**AIM OF THE EXERCISE**:
Give back the lines of the entries below exactly as written, from the first line to the line holding "#1=APPLICATION_CONTEXT('core data for", both included, with the pictures omitted.

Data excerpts
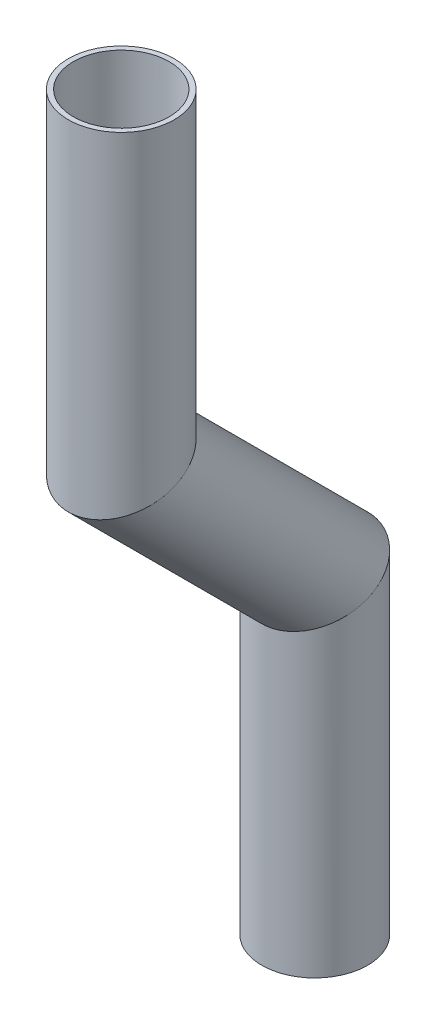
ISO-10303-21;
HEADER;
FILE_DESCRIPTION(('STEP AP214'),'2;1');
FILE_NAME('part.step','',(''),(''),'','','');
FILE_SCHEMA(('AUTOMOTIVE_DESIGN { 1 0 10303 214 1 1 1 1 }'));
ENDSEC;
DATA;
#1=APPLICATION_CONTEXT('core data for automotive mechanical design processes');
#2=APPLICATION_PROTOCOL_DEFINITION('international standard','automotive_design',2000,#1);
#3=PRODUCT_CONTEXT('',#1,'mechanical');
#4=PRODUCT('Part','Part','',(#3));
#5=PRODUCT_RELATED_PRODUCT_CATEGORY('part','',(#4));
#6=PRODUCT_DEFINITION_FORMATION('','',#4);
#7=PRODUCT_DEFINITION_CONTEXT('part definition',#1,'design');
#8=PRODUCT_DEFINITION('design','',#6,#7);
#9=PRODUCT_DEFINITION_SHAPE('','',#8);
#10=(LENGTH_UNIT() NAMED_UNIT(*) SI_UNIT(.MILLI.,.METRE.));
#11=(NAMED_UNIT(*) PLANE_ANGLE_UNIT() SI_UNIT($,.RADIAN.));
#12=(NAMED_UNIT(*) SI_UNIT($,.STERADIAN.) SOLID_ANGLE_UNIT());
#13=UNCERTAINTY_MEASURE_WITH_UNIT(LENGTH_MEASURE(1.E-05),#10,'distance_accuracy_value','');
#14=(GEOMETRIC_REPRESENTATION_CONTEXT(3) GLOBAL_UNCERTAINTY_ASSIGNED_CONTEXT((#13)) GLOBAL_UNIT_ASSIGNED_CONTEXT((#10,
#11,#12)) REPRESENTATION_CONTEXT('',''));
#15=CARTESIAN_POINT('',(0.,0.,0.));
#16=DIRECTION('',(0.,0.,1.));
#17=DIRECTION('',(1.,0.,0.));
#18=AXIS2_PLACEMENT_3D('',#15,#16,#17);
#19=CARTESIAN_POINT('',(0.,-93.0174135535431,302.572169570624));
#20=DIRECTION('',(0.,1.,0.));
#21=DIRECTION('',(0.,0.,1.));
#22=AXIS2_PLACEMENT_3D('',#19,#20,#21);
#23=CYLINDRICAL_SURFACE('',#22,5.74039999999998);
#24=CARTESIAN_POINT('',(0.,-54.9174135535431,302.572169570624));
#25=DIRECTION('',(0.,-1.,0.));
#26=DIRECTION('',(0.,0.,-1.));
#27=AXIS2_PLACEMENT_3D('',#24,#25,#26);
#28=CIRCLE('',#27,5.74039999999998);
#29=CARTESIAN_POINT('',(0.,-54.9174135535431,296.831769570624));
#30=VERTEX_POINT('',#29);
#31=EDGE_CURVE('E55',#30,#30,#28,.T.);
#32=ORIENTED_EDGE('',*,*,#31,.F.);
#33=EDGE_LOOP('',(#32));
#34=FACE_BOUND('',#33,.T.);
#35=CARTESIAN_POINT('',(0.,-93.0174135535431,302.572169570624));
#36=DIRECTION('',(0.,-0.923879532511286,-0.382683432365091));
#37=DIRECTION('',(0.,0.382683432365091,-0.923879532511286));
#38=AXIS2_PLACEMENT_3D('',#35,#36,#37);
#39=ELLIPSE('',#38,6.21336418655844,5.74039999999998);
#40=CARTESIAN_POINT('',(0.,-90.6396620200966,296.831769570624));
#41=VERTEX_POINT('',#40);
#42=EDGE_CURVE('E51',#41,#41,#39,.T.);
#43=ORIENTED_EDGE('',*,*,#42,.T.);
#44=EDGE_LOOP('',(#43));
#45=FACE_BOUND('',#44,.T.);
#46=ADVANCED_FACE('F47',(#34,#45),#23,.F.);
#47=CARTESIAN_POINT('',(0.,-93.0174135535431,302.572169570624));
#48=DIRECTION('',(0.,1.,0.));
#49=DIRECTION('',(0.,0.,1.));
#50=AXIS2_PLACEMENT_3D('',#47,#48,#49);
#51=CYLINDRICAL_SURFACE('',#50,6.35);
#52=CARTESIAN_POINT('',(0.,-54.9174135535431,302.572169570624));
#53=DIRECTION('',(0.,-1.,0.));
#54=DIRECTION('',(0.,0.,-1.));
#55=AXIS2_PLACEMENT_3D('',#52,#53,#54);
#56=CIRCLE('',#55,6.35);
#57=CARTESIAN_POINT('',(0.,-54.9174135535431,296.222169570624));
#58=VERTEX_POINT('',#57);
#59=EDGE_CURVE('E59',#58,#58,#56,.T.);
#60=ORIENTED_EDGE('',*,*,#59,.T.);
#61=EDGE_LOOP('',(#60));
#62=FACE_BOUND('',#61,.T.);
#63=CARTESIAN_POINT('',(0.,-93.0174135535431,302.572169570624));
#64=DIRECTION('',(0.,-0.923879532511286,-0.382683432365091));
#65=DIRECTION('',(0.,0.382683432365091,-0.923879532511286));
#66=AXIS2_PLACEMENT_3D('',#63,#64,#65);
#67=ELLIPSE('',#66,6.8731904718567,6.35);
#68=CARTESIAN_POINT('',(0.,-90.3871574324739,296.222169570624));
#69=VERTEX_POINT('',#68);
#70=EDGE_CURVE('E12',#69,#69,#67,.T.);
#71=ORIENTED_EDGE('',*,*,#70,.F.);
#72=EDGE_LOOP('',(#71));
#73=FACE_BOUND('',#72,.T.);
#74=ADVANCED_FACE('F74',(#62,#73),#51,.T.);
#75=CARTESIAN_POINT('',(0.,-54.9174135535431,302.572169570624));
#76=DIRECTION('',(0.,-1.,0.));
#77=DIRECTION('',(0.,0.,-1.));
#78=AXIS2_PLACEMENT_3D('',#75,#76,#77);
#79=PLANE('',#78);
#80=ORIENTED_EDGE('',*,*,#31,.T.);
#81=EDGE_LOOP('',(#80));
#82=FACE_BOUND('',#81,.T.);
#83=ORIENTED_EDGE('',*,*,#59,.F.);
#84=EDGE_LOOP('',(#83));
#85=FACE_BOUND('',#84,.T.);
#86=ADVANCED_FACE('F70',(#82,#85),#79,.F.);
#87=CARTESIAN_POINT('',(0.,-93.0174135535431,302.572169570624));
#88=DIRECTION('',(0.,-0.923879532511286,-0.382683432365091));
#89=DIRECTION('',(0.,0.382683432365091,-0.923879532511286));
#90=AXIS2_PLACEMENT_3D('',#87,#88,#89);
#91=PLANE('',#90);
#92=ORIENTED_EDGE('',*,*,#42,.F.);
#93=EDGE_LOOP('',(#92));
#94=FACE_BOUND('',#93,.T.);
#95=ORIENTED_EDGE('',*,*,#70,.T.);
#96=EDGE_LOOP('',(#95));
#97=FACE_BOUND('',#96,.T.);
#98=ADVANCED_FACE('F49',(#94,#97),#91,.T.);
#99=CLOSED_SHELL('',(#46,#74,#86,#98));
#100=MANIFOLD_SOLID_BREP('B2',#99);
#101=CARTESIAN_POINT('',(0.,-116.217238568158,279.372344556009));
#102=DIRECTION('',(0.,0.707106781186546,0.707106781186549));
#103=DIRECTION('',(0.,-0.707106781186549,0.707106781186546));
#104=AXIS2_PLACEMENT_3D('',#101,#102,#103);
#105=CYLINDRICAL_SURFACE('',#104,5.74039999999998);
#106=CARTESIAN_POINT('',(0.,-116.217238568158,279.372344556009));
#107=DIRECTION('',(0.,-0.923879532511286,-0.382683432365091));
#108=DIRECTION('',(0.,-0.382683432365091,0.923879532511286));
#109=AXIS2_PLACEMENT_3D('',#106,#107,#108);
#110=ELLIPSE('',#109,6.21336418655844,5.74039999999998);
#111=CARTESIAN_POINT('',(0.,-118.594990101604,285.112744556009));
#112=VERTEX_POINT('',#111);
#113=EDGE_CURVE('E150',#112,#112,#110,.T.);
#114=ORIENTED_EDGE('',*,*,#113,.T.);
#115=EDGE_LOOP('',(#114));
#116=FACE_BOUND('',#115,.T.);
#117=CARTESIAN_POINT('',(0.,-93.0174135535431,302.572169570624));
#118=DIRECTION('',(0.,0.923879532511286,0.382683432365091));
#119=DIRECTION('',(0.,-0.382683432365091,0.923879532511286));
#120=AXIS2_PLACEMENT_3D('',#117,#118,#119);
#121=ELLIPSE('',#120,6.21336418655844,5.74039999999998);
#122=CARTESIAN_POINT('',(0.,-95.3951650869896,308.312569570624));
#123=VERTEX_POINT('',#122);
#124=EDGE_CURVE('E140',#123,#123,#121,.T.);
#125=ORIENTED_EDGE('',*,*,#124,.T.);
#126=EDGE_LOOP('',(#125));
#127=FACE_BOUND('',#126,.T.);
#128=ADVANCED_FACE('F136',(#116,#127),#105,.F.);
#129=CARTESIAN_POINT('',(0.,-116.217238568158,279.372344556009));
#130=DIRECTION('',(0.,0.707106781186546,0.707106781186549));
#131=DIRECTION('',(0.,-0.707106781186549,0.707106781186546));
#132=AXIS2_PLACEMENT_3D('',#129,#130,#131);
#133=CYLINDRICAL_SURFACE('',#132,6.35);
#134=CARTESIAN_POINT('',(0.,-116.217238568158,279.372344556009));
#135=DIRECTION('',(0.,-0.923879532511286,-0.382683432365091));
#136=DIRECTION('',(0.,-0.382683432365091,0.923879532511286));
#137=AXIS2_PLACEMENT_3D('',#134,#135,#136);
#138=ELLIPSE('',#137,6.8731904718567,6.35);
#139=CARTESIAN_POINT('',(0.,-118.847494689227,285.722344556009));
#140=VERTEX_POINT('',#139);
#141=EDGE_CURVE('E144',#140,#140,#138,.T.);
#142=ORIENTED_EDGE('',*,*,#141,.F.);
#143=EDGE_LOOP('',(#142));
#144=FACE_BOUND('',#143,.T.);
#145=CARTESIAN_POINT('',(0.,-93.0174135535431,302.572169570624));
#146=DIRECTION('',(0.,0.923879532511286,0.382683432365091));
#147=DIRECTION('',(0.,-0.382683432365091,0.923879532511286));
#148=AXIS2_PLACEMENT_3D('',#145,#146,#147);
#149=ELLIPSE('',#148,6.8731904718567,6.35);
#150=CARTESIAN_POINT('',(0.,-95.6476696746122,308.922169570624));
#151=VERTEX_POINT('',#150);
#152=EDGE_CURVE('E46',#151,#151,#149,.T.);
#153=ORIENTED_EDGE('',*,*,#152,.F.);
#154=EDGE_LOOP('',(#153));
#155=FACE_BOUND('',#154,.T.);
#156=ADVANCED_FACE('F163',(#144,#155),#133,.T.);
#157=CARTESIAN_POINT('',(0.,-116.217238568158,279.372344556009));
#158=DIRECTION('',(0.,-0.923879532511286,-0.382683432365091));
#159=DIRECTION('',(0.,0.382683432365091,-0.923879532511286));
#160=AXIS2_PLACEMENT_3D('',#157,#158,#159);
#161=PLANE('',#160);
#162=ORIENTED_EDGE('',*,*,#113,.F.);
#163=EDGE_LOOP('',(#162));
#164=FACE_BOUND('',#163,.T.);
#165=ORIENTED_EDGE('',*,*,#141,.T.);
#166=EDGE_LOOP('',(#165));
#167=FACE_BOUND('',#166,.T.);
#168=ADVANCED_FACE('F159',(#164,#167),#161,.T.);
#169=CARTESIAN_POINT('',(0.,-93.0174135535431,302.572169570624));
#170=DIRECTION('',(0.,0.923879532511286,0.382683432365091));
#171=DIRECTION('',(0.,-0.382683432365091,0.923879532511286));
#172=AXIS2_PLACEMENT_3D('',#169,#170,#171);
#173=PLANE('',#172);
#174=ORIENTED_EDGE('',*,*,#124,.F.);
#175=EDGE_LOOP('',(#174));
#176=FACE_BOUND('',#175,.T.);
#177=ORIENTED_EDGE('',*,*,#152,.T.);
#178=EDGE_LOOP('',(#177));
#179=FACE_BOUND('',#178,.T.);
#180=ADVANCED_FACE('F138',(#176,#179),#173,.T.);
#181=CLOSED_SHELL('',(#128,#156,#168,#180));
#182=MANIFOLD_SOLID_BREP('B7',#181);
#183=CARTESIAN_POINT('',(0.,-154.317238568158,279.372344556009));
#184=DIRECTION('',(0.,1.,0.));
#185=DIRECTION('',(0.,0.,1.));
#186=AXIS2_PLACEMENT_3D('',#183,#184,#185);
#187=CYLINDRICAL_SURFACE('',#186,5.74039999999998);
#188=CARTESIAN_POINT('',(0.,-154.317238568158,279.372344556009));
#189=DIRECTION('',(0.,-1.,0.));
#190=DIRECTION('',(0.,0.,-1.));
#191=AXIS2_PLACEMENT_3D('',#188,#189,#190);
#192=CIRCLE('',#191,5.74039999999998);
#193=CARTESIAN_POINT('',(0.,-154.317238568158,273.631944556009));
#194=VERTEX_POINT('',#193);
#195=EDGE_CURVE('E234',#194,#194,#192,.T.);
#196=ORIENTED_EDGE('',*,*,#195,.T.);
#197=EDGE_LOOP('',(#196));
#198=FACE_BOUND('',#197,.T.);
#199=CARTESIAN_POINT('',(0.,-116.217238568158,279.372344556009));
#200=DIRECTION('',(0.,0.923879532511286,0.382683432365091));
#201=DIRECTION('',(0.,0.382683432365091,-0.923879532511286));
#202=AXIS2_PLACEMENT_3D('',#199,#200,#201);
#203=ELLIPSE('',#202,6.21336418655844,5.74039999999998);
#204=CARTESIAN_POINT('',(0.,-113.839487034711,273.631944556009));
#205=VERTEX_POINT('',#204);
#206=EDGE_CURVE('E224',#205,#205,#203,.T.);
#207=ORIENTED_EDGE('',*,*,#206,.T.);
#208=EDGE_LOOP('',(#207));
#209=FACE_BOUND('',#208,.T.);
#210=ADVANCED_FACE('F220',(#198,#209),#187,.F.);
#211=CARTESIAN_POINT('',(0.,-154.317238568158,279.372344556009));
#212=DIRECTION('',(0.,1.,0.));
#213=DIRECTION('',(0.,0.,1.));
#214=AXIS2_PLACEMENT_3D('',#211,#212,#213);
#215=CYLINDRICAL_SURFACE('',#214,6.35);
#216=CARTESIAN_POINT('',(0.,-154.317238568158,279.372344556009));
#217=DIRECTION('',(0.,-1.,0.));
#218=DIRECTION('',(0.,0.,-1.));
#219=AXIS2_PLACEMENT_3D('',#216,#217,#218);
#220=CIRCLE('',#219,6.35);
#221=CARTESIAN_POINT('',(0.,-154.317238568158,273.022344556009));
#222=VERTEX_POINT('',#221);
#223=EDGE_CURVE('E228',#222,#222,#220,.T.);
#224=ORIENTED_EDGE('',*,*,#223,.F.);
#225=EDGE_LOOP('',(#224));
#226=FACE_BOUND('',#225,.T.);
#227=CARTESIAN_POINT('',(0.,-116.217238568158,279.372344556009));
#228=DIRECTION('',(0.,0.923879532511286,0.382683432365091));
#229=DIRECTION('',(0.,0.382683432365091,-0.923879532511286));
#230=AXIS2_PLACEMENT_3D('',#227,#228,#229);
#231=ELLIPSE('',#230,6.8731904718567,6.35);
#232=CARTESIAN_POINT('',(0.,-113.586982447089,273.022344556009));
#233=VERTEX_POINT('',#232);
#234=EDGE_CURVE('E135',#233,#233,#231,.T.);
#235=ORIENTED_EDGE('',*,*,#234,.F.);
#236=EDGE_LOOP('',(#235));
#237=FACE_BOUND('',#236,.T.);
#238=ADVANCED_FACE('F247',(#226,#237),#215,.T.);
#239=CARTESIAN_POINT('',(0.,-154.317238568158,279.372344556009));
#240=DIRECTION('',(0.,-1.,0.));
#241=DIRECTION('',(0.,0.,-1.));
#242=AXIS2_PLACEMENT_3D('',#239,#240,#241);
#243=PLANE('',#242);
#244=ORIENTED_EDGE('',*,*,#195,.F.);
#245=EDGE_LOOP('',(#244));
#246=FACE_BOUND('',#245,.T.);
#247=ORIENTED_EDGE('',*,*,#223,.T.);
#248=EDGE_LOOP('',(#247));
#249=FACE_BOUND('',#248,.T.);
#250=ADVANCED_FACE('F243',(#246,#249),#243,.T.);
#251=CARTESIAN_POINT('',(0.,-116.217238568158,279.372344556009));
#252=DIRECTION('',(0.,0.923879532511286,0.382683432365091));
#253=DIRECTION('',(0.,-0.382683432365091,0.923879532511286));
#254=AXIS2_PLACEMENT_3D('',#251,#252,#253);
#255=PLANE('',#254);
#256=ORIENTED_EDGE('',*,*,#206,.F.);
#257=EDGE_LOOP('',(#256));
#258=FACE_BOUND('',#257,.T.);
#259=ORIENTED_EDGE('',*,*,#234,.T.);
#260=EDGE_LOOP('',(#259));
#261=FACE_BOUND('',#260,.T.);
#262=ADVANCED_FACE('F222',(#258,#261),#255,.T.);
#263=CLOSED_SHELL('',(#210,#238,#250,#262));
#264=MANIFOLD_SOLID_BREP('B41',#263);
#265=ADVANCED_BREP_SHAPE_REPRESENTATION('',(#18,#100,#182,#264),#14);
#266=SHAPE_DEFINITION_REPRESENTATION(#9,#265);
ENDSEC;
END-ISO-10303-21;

**EXERCISE RESULT**:
ISO-10303-21;
HEADER;
FILE_DESCRIPTION(('STEP AP214'),'2;1');
FILE_NAME('part.step','',(''),(''),'','','');
FILE_SCHEMA(('AUTOMOTIVE_DESIGN { 1 0 10303 214 1 1 1 1 }'));
ENDSEC;
DATA;
#1=APPLICATION_CONTEXT('core data for automotive mechanical design processes');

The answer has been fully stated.